We promote, certify and monitor cemeteries, coffin makers and funeral directors for adherence to our standards.
We advise consumers of their rights.

What is a natural burial? Check our description here.

Call us
0800 525 500

Email us
info@naturalburials.co.nz

48 thoughts on “Home

  1. Glenys

    I live in Kerikeri and am interested in working with Council to establish a natural burial site adjacent to the existing cemetery. There is a land put aside for future use and maybe it could be converted into a site that follows your recommendations.

    Have you heard from anyone in this area who has expressed interest in such a site? I haven’t got a clue on how to approach Far North District Council about this.

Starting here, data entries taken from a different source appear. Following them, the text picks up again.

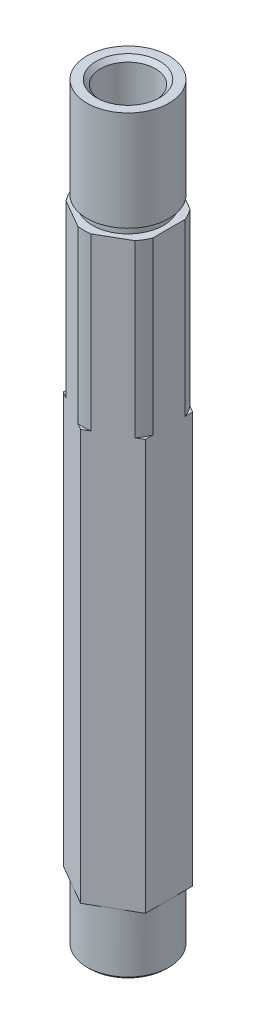
ISO-10303-21;
HEADER;
FILE_DESCRIPTION(('STEP AP214'),'2;1');
FILE_NAME('part.step','',(''),(''),'','','');
FILE_SCHEMA(('AUTOMOTIVE_DESIGN { 1 0 10303 214 1 1 1 1 }'));
ENDSEC;
DATA;
#1=APPLICATION_CONTEXT('core data for automotive mechanical design processes');
#2=APPLICATION_PROTOCOL_DEFINITION('international standard','automotive_design',2000,#1);
#3=PRODUCT_CONTEXT('',#1,'mechanical');
#4=PRODUCT('Part','Part','',(#3));
#5=PRODUCT_RELATED_PRODUCT_CATEGORY('part','',(#4));
#6=PRODUCT_DEFINITION_FORMATION('','',#4);
#7=PRODUCT_DEFINITION_CONTEXT('part definition',#1,'design');
#8=PRODUCT_DEFINITION('design','',#6,#7);
#9=PRODUCT_DEFINITION_SHAPE('','',#8);
#10=(LENGTH_UNIT() NAMED_UNIT(*) SI_UNIT(.MILLI.,.METRE.));
#11=(NAMED_UNIT(*) PLANE_ANGLE_UNIT() SI_UNIT($,.RADIAN.));
#12=(NAMED_UNIT(*) SI_UNIT($,.STERADIAN.) SOLID_ANGLE_UNIT());
#13=UNCERTAINTY_MEASURE_WITH_UNIT(LENGTH_MEASURE(1.E-05),#10,'distance_accuracy_value','');
#14=(GEOMETRIC_REPRESENTATION_CONTEXT(3) GLOBAL_UNCERTAINTY_ASSIGNED_CONTEXT((#13)) GLOBAL_UNIT_ASSIGNED_CONTEXT((#10,
#11,#12)) REPRESENTATION_CONTEXT('',''));
#15=CARTESIAN_POINT('',(0.,0.,0.));
#16=DIRECTION('',(0.,0.,1.));
#17=DIRECTION('',(1.,0.,0.));
#18=AXIS2_PLACEMENT_3D('',#15,#16,#17);
#19=CARTESIAN_POINT('',(4.7625,77.1525,0.));
#20=DIRECTION('',(0.,1.,0.));
#21=DIRECTION('',(-1.,0.,0.));
#22=AXIS2_PLACEMENT_3D('',#19,#20,#21);
#23=PLANE('',#22);
#24=CARTESIAN_POINT('',(0.,77.1525,0.));
#25=DIRECTION('',(0.,1.,0.));
#26=DIRECTION('',(-1.,0.,0.));
#27=AXIS2_PLACEMENT_3D('',#24,#25,#26);
#28=CIRCLE('',#27,3.175);
#29=CARTESIAN_POINT('',(-3.175,77.1525,0.));
#30=VERTEX_POINT('',#29);
#31=EDGE_CURVE('E20',#30,#30,#28,.T.);
#32=ORIENTED_EDGE('',*,*,#31,.T.);
#33=EDGE_LOOP('',(#32));
#34=FACE_BOUND('',#33,.T.);
#35=ADVANCED_FACE('F17',(#34),#23,.T.);
#36=CARTESIAN_POINT('',(0.,82.1525,0.));
#37=DIRECTION('',(0.,1.,0.));
#38=DIRECTION('',(-1.,0.,0.));
#39=AXIS2_PLACEMENT_3D('',#36,#37,#38);
#40=CYLINDRICAL_SURFACE('',#39,3.175);
#41=ORIENTED_EDGE('',*,*,#31,.F.);
#42=EDGE_LOOP('',(#41));
#43=FACE_BOUND('',#42,.T.);
#44=CARTESIAN_POINT('',(0.,86.6524999999569,0.));
#45=DIRECTION('',(0.,1.,0.));
#46=DIRECTION('',(-1.,0.,0.));
#47=AXIS2_PLACEMENT_3D('',#44,#45,#46);
#48=CIRCLE('',#47,3.17499999999882);
#49=CARTESIAN_POINT('',(-3.17499999999882,86.6524999999569,0.));
#50=VERTEX_POINT('',#49);
#51=EDGE_CURVE('E363',#50,#50,#48,.T.);
#52=ORIENTED_EDGE('',*,*,#51,.T.);
#53=EDGE_LOOP('',(#52));
#54=FACE_BOUND('',#53,.T.);
#55=ADVANCED_FACE('F419',(#43,#54),#40,.F.);
#56=CARTESIAN_POINT('',(0.,87.152500000002,0.));
#57=DIRECTION('',(0.,1.,0.));
#58=DIRECTION('',(0.,0.,1.));
#59=AXIS2_PLACEMENT_3D('',#56,#57,#58);
#60=CONICAL_SURFACE('',#59,3.674999999987,0.785398163397448);
#61=CARTESIAN_POINT('',(0.,87.152500000002,0.));
#62=DIRECTION('',(0.,1.,0.));
#63=DIRECTION('',(0.,0.,1.));
#64=AXIS2_PLACEMENT_3D('',#61,#62,#63);
#65=CIRCLE('',#64,3.674999999987);
#66=CARTESIAN_POINT('',(0.,87.152500000002,3.674999999987));
#67=VERTEX_POINT('',#66);
#68=EDGE_CURVE('E366',#67,#67,#65,.F.);
#69=ORIENTED_EDGE('',*,*,#68,.F.);
#70=EDGE_LOOP('',(#69));
#71=FACE_BOUND('',#70,.T.);
#72=ORIENTED_EDGE('',*,*,#51,.F.);
#73=EDGE_LOOP('',(#72));
#74=FACE_BOUND('',#73,.T.);
#75=ADVANCED_FACE('F416',(#71,#74),#60,.F.);
#76=CARTESIAN_POINT('',(0.,87.1525,0.));
#77=DIRECTION('',(0.,1.,0.));
#78=DIRECTION('',(-1.,0.,0.));
#79=AXIS2_PLACEMENT_3D('',#76,#77,#78);
#80=PLANE('',#79);
#81=ORIENTED_EDGE('',*,*,#68,.T.);
#82=EDGE_LOOP('',(#81));
#83=FACE_BOUND('',#82,.T.);
#84=CARTESIAN_POINT('',(0.,87.1525,0.));
#85=DIRECTION('',(0.,1.,0.));
#86=DIRECTION('',(-1.,0.,0.));
#87=AXIS2_PLACEMENT_3D('',#84,#85,#86);
#88=CIRCLE('',#87,4.7625);
#89=CARTESIAN_POINT('',(-4.7625,87.1525,0.));
#90=VERTEX_POINT('',#89);
#91=EDGE_CURVE('E408',#90,#90,#88,.F.);
#92=ORIENTED_EDGE('',*,*,#91,.F.);
#93=EDGE_LOOP('',(#92));
#94=FACE_BOUND('',#93,.T.);
#95=ADVANCED_FACE('F413',(#83,#94),#80,.T.);
#96=CARTESIAN_POINT('',(0.,0.,0.));
#97=DIRECTION('',(0.,-1.,0.));
#98=DIRECTION('',(1.,0.,0.));
#99=AXIS2_PLACEMENT_3D('',#96,#97,#98);
#100=PLANE('',#99);
#101=CARTESIAN_POINT('',(0.,1.1368667509129E-10,0.));
#102=DIRECTION('',(0.,1.,0.));
#103=DIRECTION('',(-1.,0.,0.));
#104=AXIS2_PLACEMENT_3D('',#101,#102,#103);
#105=CIRCLE('',#104,4.44500000003245);
#106=CARTESIAN_POINT('',(-4.44500000003245,1.13686826879594E-10,0.));
#107=VERTEX_POINT('',#106);
#108=EDGE_CURVE('E170',#107,#107,#105,.T.);
#109=ORIENTED_EDGE('',*,*,#108,.F.);
#110=EDGE_LOOP('',(#109));
#111=FACE_BOUND('',#110,.T.);
#112=ADVANCED_FACE('F548',(#111),#100,.T.);
#113=CARTESIAN_POINT('',(0.,82.1525,0.));
#114=DIRECTION('',(0.,1.,0.));
#115=DIRECTION('',(-1.,0.,0.));
#116=AXIS2_PLACEMENT_3D('',#113,#114,#115);
#117=CYLINDRICAL_SURFACE('',#116,4.7625);
#118=CARTESIAN_POINT('',(0.,75.565,0.));
#119=DIRECTION('',(0.,1.,0.));
#120=DIRECTION('',(-1.,0.,0.));
#121=AXIS2_PLACEMENT_3D('',#118,#119,#120);
#122=CIRCLE('',#121,4.7625);
#123=CARTESIAN_POINT('',(-4.7625,75.565,0.));
#124=VERTEX_POINT('',#123);
#125=EDGE_CURVE('E399',#124,#124,#122,.F.);
#126=ORIENTED_EDGE('',*,*,#125,.F.);
#127=EDGE_LOOP('',(#126));
#128=FACE_BOUND('',#127,.T.);
#129=ORIENTED_EDGE('',*,*,#91,.T.);
#130=EDGE_LOOP('',(#129));
#131=FACE_BOUND('',#130,.T.);
#132=ADVANCED_FACE('F544',(#128,#131),#117,.T.);
#133=CARTESIAN_POINT('',(0.,0.317499999937354,0.));
#134=DIRECTION('',(0.,1.,0.));
#135=DIRECTION('',(-1.,0.,0.));
#136=AXIS2_PLACEMENT_3D('',#133,#134,#135);
#137=CONICAL_SURFACE('',#136,4.76249999991296,0.785398163486965);
#138=ORIENTED_EDGE('',*,*,#108,.T.);
#139=EDGE_LOOP('',(#138));
#140=FACE_BOUND('',#139,.T.);
#141=CARTESIAN_POINT('',(0.,0.3175,0.));
#142=DIRECTION('',(0.,-1.,0.));
#143=DIRECTION('',(0.,0.,-1.));
#144=AXIS2_PLACEMENT_3D('',#141,#142,#143);
#145=CIRCLE('',#144,4.7625);
#146=CARTESIAN_POINT('',(0.,0.3175,-4.7625));
#147=VERTEX_POINT('',#146);
#148=EDGE_CURVE('E358',#147,#147,#145,.F.);
#149=ORIENTED_EDGE('',*,*,#148,.F.);
#150=EDGE_LOOP('',(#149));
#151=FACE_BOUND('',#150,.T.);
#152=ADVANCED_FACE('F541',(#140,#151),#137,.T.);
#153=CARTESIAN_POINT('',(0.,64.643,0.));
#154=DIRECTION('',(0.,-1.,0.));
#155=DIRECTION('',(0.,0.,-1.));
#156=AXIS2_PLACEMENT_3D('',#153,#154,#155);
#157=CYLINDRICAL_SURFACE('',#156,5.1181);
#158=DIRECTION('',(0.,1.,0.));
#159=VECTOR('',#158,1.);
#160=CARTESIAN_POINT('',(0.757933634900285,77.1525,-5.06166812589223));
#161=LINE('',#160,#159);
#162=CARTESIAN_POINT('',(0.757933635083529,54.7369999999,-5.06166812578643));
#163=VERTEX_POINT('',#162);
#164=CARTESIAN_POINT('',(0.757933635079738,74.54900000035,-5.06166812578639));
#165=VERTEX_POINT('',#164);
#166=EDGE_CURVE('E164',#163,#165,#161,.T.);
#167=ORIENTED_EDGE('',*,*,#166,.F.);
#168=CARTESIAN_POINT('',(0.,54.7369999999,0.));
#169=DIRECTION('',(0.,-1.,0.));
#170=DIRECTION('',(0.,0.,-1.));
#171=AXIS2_PLACEMENT_3D('',#168,#169,#170);
#172=CIRCLE('',#171,5.1181);
#173=CARTESIAN_POINT('',(-0.757933635085047,54.7369999999,-5.06166812579254));
#174=VERTEX_POINT('',#173);
#175=EDGE_CURVE('E169',#174,#163,#172,.T.);
#176=ORIENTED_EDGE('',*,*,#175,.F.);
#177=DIRECTION('',(0.,1.,0.));
#178=VECTOR('',#177,1.);
#179=CARTESIAN_POINT('',(-0.75793363488698,77.1525,-5.06166812590689));
#180=LINE('',#179,#178);
#181=CARTESIAN_POINT('',(-0.757933635073302,74.54900000035,-5.06166812579243));
#182=VERTEX_POINT('',#181);
#183=EDGE_CURVE('E167',#182,#174,#180,.F.);
#184=ORIENTED_EDGE('',*,*,#183,.F.);
#185=CARTESIAN_POINT('',(0.,74.5490000007,0.));
#186=DIRECTION('',(0.,-1.,0.));
#187=DIRECTION('',(0.,0.,-1.));
#188=AXIS2_PLACEMENT_3D('',#185,#186,#187);
#189=CIRCLE('',#188,5.1181);
#190=EDGE_CURVE('E158',#182,#165,#189,.T.);
#191=ORIENTED_EDGE('',*,*,#190,.T.);
#192=EDGE_LOOP('',(#167,#176,#184,#191));
#193=FACE_BOUND('',#192,.T.);
#194=ADVANCED_FACE('F163',(#193),#157,.T.);
#195=CARTESIAN_POINT('',(6.,54.737,0.));
#196=DIRECTION('',(0.,1.,0.));
#197=DIRECTION('',(-1.,0.,0.));
#198=AXIS2_PLACEMENT_3D('',#195,#196,#197);
#199=PLANE('',#198);
#200=ORIENTED_EDGE('',*,*,#175,.T.);
#201=DIRECTION('',(-0.866025403784329,0.,-0.50000000000019));
#202=VECTOR('',#201,1.);
#203=CARTESIAN_POINT('',(0.,54.7369999999,-5.49926131403));
#204=LINE('',#203,#202);
#205=CARTESIAN_POINT('',(-3.53126768375688E-12,54.7369999999,-5.49926131403437));
#206=VERTEX_POINT('',#205);
#207=EDGE_CURVE('E178',#206,#163,#204,.F.);
#208=ORIENTED_EDGE('',*,*,#207,.F.);
#209=DIRECTION('',(-0.866025403784329,0.,0.50000000000019));
#210=VECTOR('',#209,1.);
#211=CARTESIAN_POINT('',(-4.7625,54.7369999999,-2.74963065702));
#212=LINE('',#211,#210);
#213=EDGE_CURVE('E282',#174,#206,#212,.F.);
#214=ORIENTED_EDGE('',*,*,#213,.F.);
#215=EDGE_LOOP('',(#200,#208,#214));
#216=FACE_BOUND('',#215,.T.);
#217=ADVANCED_FACE('F534',(#216),#199,.T.);
#218=CARTESIAN_POINT('',(4.7625,7.112,0.));
#219=DIRECTION('',(0.,-1.,0.));
#220=DIRECTION('',(1.,0.,0.));
#221=AXIS2_PLACEMENT_3D('',#218,#219,#220);
#222=PLANE('',#221);
#223=CARTESIAN_POINT('',(0.,7.112,0.));
#224=DIRECTION('',(0.,-1.,0.));
#225=DIRECTION('',(0.,0.,-1.));
#226=AXIS2_PLACEMENT_3D('',#223,#224,#225);
#227=CIRCLE('',#226,4.7625);
#228=CARTESIAN_POINT('',(2.38125000000078,7.111999999935,-4.124445985522));
#229=VERTEX_POINT('',#228);
#230=CARTESIAN_POINT('',(-2.38125000017962,7.111999999935,-4.12444598542224));
#231=VERTEX_POINT('',#230);
#232=EDGE_CURVE('E402',#229,#231,#227,.F.);
#233=ORIENTED_EDGE('',*,*,#232,.T.);
#234=DIRECTION('',(-0.866025403784329,0.,0.50000000000019));
#235=VECTOR('',#234,1.);
#236=CARTESIAN_POINT('',(-4.7625,7.11199999988001,-2.74963065702));
#237=LINE('',#236,#235);
#238=CARTESIAN_POINT('',(-2.01989116151132E-12,7.11199999989667,-5.49926131403349));
#239=VERTEX_POINT('',#238);
#240=EDGE_CURVE('E337',#239,#231,#237,.T.);
#241=ORIENTED_EDGE('',*,*,#240,.F.);
#242=DIRECTION('',(-0.866025403784329,0.,-0.50000000000019));
#243=VECTOR('',#242,1.);
#244=CARTESIAN_POINT('',(0.,7.11199999987,-5.49926131403));
#245=LINE('',#244,#243);
#246=EDGE_CURVE('E310',#229,#239,#245,.T.);
#247=ORIENTED_EDGE('',*,*,#246,.F.);
#248=EDGE_LOOP('',(#233,#241,#247));
#249=FACE_BOUND('',#248,.T.);
#250=ADVANCED_FACE('F530',(#249),#222,.T.);
#251=CARTESIAN_POINT('',(4.1275,75.565,0.));
#252=DIRECTION('',(0.,-1.,0.));
#253=DIRECTION('',(1.,0.,0.));
#254=AXIS2_PLACEMENT_3D('',#251,#252,#253);
#255=PLANE('',#254);
#256=CARTESIAN_POINT('',(0.,75.565,0.));
#257=DIRECTION('',(0.,-1.,0.));
#258=DIRECTION('',(0.,0.,-1.));
#259=AXIS2_PLACEMENT_3D('',#256,#257,#258);
#260=CIRCLE('',#259,4.1275);
#261=CARTESIAN_POINT('',(0.,75.565,-4.1275));
#262=VERTEX_POINT('',#261);
#263=EDGE_CURVE('E340',#262,#262,#260,.T.);
#264=ORIENTED_EDGE('',*,*,#263,.F.);
#265=EDGE_LOOP('',(#264));
#266=FACE_BOUND('',#265,.T.);
#267=ORIENTED_EDGE('',*,*,#125,.T.);
#268=EDGE_LOOP('',(#267));
#269=FACE_BOUND('',#268,.T.);
#270=ADVANCED_FACE('F526',(#266,#269),#255,.T.);
#271=CARTESIAN_POINT('',(0.,64.643,0.));
#272=DIRECTION('',(0.,-1.,0.));
#273=DIRECTION('',(0.,0.,-1.));
#274=AXIS2_PLACEMENT_3D('',#271,#272,#273);
#275=CYLINDRICAL_SURFACE('',#274,5.1181);
#276=DIRECTION('',(0.,1.,0.));
#277=VECTOR('',#276,1.);
#278=CARTESIAN_POINT('',(-4.00456636510329,77.1525,-3.18722384515571));
#279=LINE('',#278,#277);
#280=CARTESIAN_POINT('',(-4.0045663649132,54.7369999999,-3.18722384526546));
#281=VERTEX_POINT('',#280);
#282=CARTESIAN_POINT('',(-4.00456636491798,74.54900000035,-3.18722384525699));
#283=VERTEX_POINT('',#282);
#284=EDGE_CURVE('E283',#281,#283,#279,.T.);
#285=ORIENTED_EDGE('',*,*,#284,.F.);
#286=CARTESIAN_POINT('',(0.,54.7369999999,0.));
#287=DIRECTION('',(0.,-1.,0.));
#288=DIRECTION('',(0.,0.,-1.));
#289=AXIS2_PLACEMENT_3D('',#286,#287,#288);
#290=CIRCLE('',#289,5.1181);
#291=CARTESIAN_POINT('',(-4.7625,54.7369999999,-1.87444428053674));
#292=VERTEX_POINT('',#291);
#293=EDGE_CURVE('E395',#292,#281,#290,.T.);
#294=ORIENTED_EDGE('',*,*,#293,.F.);
#295=DIRECTION('',(0.,1.,0.));
#296=VECTOR('',#295,1.);
#297=CARTESIAN_POINT('',(-4.7625,77.1525,-1.87444428076));
#298=LINE('',#297,#296);
#299=CARTESIAN_POINT('',(-4.7625,74.54900000035,-1.87444428053675));
#300=VERTEX_POINT('',#299);
#301=EDGE_CURVE('E276',#300,#292,#298,.F.);
#302=ORIENTED_EDGE('',*,*,#301,.F.);
#303=CARTESIAN_POINT('',(0.,74.5490000007,0.));
#304=DIRECTION('',(0.,-1.,0.));
#305=DIRECTION('',(0.,0.,-1.));
#306=AXIS2_PLACEMENT_3D('',#303,#304,#305);
#307=CIRCLE('',#306,5.1181);
#308=EDGE_CURVE('E397',#300,#283,#307,.T.);
#309=ORIENTED_EDGE('',*,*,#308,.T.);
#310=EDGE_LOOP('',(#285,#294,#302,#309));
#311=FACE_BOUND('',#310,.T.);
#312=ADVANCED_FACE('F522',(#311),#275,.T.);
#313=CARTESIAN_POINT('',(6.,54.737,0.));
#314=DIRECTION('',(0.,1.,0.));
#315=DIRECTION('',(-1.,0.,0.));
#316=AXIS2_PLACEMENT_3D('',#313,#314,#315);
#317=PLANE('',#316);
#318=ORIENTED_EDGE('',*,*,#293,.T.);
#319=DIRECTION('',(-0.866025403784329,0.,0.50000000000019));
#320=VECTOR('',#319,1.);
#321=CARTESIAN_POINT('',(-4.7625,54.7369999999,-2.74963065702));
#322=LINE('',#321,#320);
#323=CARTESIAN_POINT('',(-4.7625,54.7369999999,-2.74963065702));
#324=VERTEX_POINT('',#323);
#325=EDGE_CURVE('E286',#324,#281,#322,.F.);
#326=ORIENTED_EDGE('',*,*,#325,.F.);
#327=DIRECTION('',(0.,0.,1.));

    I look forward to hearing back.

    Regards,
    Glenys

    1. admin Post author

      Hi there – we haven’t heard from many in the Far North. That doesn’t mean no one is interested at all – it’s probably more a case of people not aware of it as an option and not thinking they can change the situation. You’ll know there is now a cemetery in Whangarei? I knoww that’s not a solution, but it means there is one not too far away.
      Your question about how to approach the council is a big one – and can’t be answered quickly here. We’re happy to help – call us. In short, you call the Parks manager to find out whether they have plans, then sound out a couple of Councillors about the need for one and probable demand (it’s about 30% of people in any region), then see if you can get some support of residents (organise a public meeting / ask through local media and social media) and at least one local funeral director, then submit a proposal to (probably) the council environment committee (we have proposal templates) to adopt a policy of creating one… then keep the pressure on until they create one in conjunction with our organisation. It sounds daunting, and it isn’t easy or quick – but we’ve done it in many towns now – we can help.

  2. June Bright

    I am looking for natural burial possibilities in Te Awamutu and on private land in Pirongia where we have a QETrust covenant. One idea is to set up a family business. Another is to try to set up something for family and friends.. It seems that most natural burial forests are set up by trusts on council land. Apart from Urupa , are people finding any other options? I am 83 and would like my family to just dig a hole and bury my remains under a tree but evidently they would not be allowed to stay there and that would create a problem.

    June Bright

    1. admin Post author

      Hi June. Plenty of people on large tracts of rural land still bury their own. It’s against the law not to be buried on land zoned a cemetery unless your last resting place before burial was over 31km from a cemetery.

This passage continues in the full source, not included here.